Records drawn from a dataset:
++++++++++++++++++++
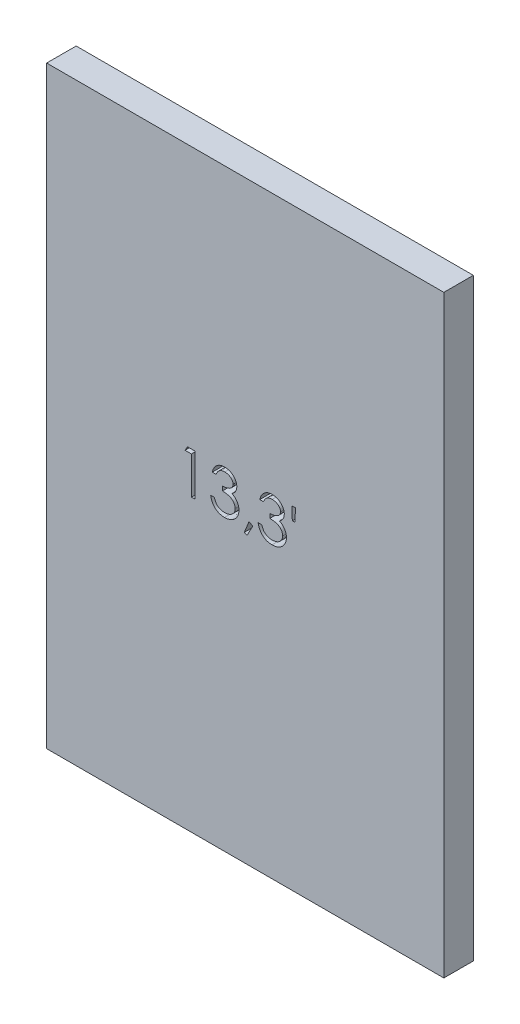
SolidWorks part; units mm, degrees
ref_plane "Plano frontal" through (0, 0, 0) normal (0, 0, 1) x (1, 0, 0)
ref_plane "Plano superior" through (0, 0, 0) normal (0, 1, 0) x (1, 0, 0)
ref_plane "Plano direito" through (0, 0, 0) normal (1, 0, 0) x (0, 0, -1)
sketch "Esboço1" plane through (0, 0, 0) normal (0, 0, 1) x (1, 0, 0)
  line L1 (101, -151) -> (-101, -151)
  line L2 (101, -151) -> (101, 151)
  line L3 (101, 151) -> (-101, 151)
  line L4 (-101, -151) -> (-101, 151)
  line L5 (101, -151) -> (-101, 151) construction
  line L6 (101, 151) -> (-101, -151) construction
  point P0 (0, 0)
  dimension "D1" = 302
  dimension "D2" = 202
extrude "Ressalto-extrusão1" add sketch "Esboço1" along normal blind 15
sketch "Esboço3" plane through (0, 0, 15) normal (0, 0, 1) x (1, 0, 0)
  text T0 "13,3'\r\n" font "Century Gothic" height in points 80
extrude "Corte-extrusão1" cut sketch "Esboço3" against normal blind 10
++++++++++++++++++++
▸ **TASK PROMPT**: Your answer should be only a number: how many lines in the records hold the word "sketch".

▸ **WRITTEN SOLUTION**: 4